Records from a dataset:
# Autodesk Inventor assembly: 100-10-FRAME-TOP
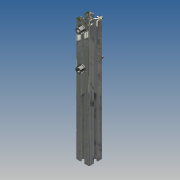
[picture p0: Inventor's stored thumbnail of the model, 180x180]
Saved by Autodesk Inventor 2018.2 (Build 222227000, 227)
## iProperties
Manager: feesmrt
Company: FRANCOR
Part Number: 100-10-FRAME-TOP
Project: Rescue Robot
Cost Center: -
Material: Generisch
Document SubType Name: Assembly
Designer: feesmrt
Engineer: feesmrt
Authority: feesmrt
Subject: Rescue Robot
Author: feesmrt
Revision Number: 1
## Documents named in this file (4)
- C:\Users\feesmrt\Documents\FRANC0R\CAD\02-Rocker-Bogie-Robot\100-CHASSIS\10-FRAME\100-10-FRAME-TOP.iam
- C:\Users\feesmrt\Documents\FRANC0R\CAD\02-Rocker-Bogie-Robot\100-CHASSIS\10-FRAME\100-10-FRAME-PROFILE-TOP-L-01.ipt
- C:\Users\feesmrt\Documents\FRANC0R\CAD\02-Rocker-Bogie-Robot\100-CHASSIS\10-FRAME\100-10-FRAME-ROCKER-SCREW-01.iam
- C:\Users\feesmrt\Documents\FRANC0R\CAD\02-Rocker-Bogie-Robot\900-COMPONENTS\900-40-SCREWS\900-40-SCREWS-ISO7380_M8x16.ipt
## Components (4 placed, 3 different names)
1. 100-10-FRAME-PROFILE-TOP-L-01:1 — Passend:1, Passend:2, Passend:3, Passend:4, Passend:5, Passend:6
2. 100-10-FRAME-ROCKER-SCREW-01:1 [sub-assembly] — Passend:1, Passend:3
3. 100-10-FRAME-ROCKER-SCREW-01:2 [sub-assembly] — Passend:2, Passend:4
4. 900-40-SCREWS-ISO7380_M8x16:1 — Passend:5, Passend:6
## Relationships (6: Mate 6)
- Passend:1 [Mate]: 100-10-FRAME-PROFILE-TOP-L-01:1 ↔ 100-10-FRAME-ROCKER-SCREW-01:1
- Passend:2 [Mate]: 100-10-FRAME-PROFILE-TOP-L-01:1 ↔ 100-10-FRAME-ROCKER-SCREW-01:2
- Passend:3 [Mate]: 100-10-FRAME-PROFILE-TOP-L-01:1 ↔ 100-10-FRAME-ROCKER-SCREW-01:1
- Passend:4 [Mate]: 100-10-FRAME-PROFILE-TOP-L-01:1 ↔ 100-10-FRAME-ROCKER-SCREW-01:2
- Passend:5 [Mate]: 100-10-FRAME-PROFILE-TOP-L-01:1 ↔ 900-40-SCREWS-ISO7380_M8x16:1
- Passend:6 [Mate] (2.8 mm): 100-10-FRAME-PROFILE-TOP-L-01:1 ↔ 900-40-SCREWS-ISO7380_M8x16:1
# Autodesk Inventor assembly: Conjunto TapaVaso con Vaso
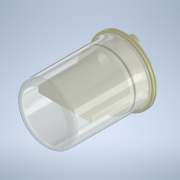
[picture p0: Inventor's stored thumbnail of the model, 180x180]
Saved by Autodesk Inventor 2020.3 (Build 243373000, 373)
## iProperties
Created: 2020-06-22
Part Number: Conjunto TapaVaso con Vaso
Document SubType Name: Assembly
Designer: Bruno
Author: Bruno
## Documents named in this file (12)
- C:\Users\Bruno\Desktop\CNAF\CNAF-3\Conjunto TapaVaso con Vaso.iam
- C:\Users\Bruno\Desktop\CNAF\CNAF-3\Cuerpo Tapa Sin Paleta.ipt
- C:\Users\Bruno\Desktop\CNAF\CNAF-3\Paleta.ipt
- C:\Users\Bruno\Desktop\CNAF\CNAF-3\Oring 2-019.ipt
- C:\Users\Bruno\Desktop\CNAF\CNAF-3\Oring 2-026.ipt
- C:\Users\Bruno\Desktop\CNAF\CNAF-3\Conector Tapa-Corrugado V2.ipt
- C:\Users\Bruno\Desktop\CNAF\CNAF-3\Conector Tapa-Tubo calefaccionado V2 (M33).ipt
- C:\Users\Bruno\Desktop\CNAF\CNAF-3\Oring 2-018 Deform.ipt
- C:\Users\Bruno\Desktop\CNAF\CNAF-3\Oring 2-022.ipt
- C:\Users\Bruno\Desktop\CNAF\CNAF-3\Perno Parker DIN912 M4x0.7x16-8.8.ipt
- C:\Users\Bruno\Desktop\CNAF\CNAF-3\Oring 2-151 Deform.ipt
- C:\Users\Bruno\Desktop\CNAF\CNAF-3\Vaso precipitado 600ml-De90-Di84-H120.ipt
## Components (11 placed, 11 different names)
1. Cuerpo Tapa Sin Paleta:1 — Cylindrical:3, Cylindrical:8, Cylindrical:9, Cylindrical:10, Cylindrical:11, Cylindrical:14, Cylindrical:15, Cylindrical:16
2. Paleta:1 — Cylindrical:3
3. Oring 2-019:1 — Cylindrical:8
4. Oring 2-026:1 — Cylindrical:9
5. Conector Tapa-Corrugado V2:1 — Cylindrical:10, Cylindrical:12
6. Conector Tapa-Tubo calefaccionado V2 (M33):1 — Cylindrical:11, Cylindrical:13
7. Oring 2-018 Deform:1 — Cylindrical:12
8. Oring 2-022:1 — Cylindrical:13
9. Perno Parker DIN912 M4x0.7x16-8.8:1 — Cylindrical:14
10. Oring 2-151 Deform:1 — Cylindrical:15
11. Vaso precipitado 600ml-De90-Di84-H120:1 — Cylindrical:16
## Relationships (10: CylindricalJoint 10)
- Cylindrical:3: Cuerpo Tapa Sin Paleta:1 ↔ Paleta:1
- Cylindrical:8: Cuerpo Tapa Sin Paleta:1 ↔ Oring 2-019:1
- Cylindrical:9: Cuerpo Tapa Sin Paleta:1 ↔ Oring 2-026:1
- Cylindrical:10: Cuerpo Tapa Sin Paleta:1 ↔ Conector Tapa-Corrugado V2:1
- Cylindrical:11: Cuerpo Tapa Sin Paleta:1 ↔ Conector Tapa-Tubo calefaccionado V2 (M33):1
- Cylindrical:12: Conector Tapa-Corrugado V2:1 ↔ Oring 2-018 Deform:1
- Cylindrical:13: Conector Tapa-Tubo calefaccionado V2 (M33):1 ↔ Oring 2-022:1
- Cylindrical:14: Cuerpo Tapa Sin Paleta:1 ↔ Perno Parker DIN912 M4x0.7x16-8.8:1
- Cylindrical:15: Cuerpo Tapa Sin Paleta:1 ↔ Oring 2-151 Deform:1
- Cylindrical:16: Cuerpo Tapa Sin Paleta:1 ↔ Vaso precipitado 600ml-De90-Di84-H120:1

_Exercise description_. From the records above, give again exactly the lines running from the line with "- C:\Users\Bruno\Desktop\CNAF\CNAF-3\Paleta.ipt" to the line with "- C:\Users\Bruno\Desktop\CNAF\CNAF-3\Conector Tapa-Corrugado", inclusive.

_Finished exercise_.
- C:\Users\Bruno\Desktop\CNAF\CNAF-3\Paleta.ipt
- C:\Users\Bruno\Desktop\CNAF\CNAF-3\Oring 2-019.ipt
- C:\Users\Bruno\Desktop\CNAF\CNAF-3\Oring 2-026.ipt
- C:\Users\Bruno\Desktop\CNAF\CNAF-3\Conector Tapa-Corrugado V2.ipt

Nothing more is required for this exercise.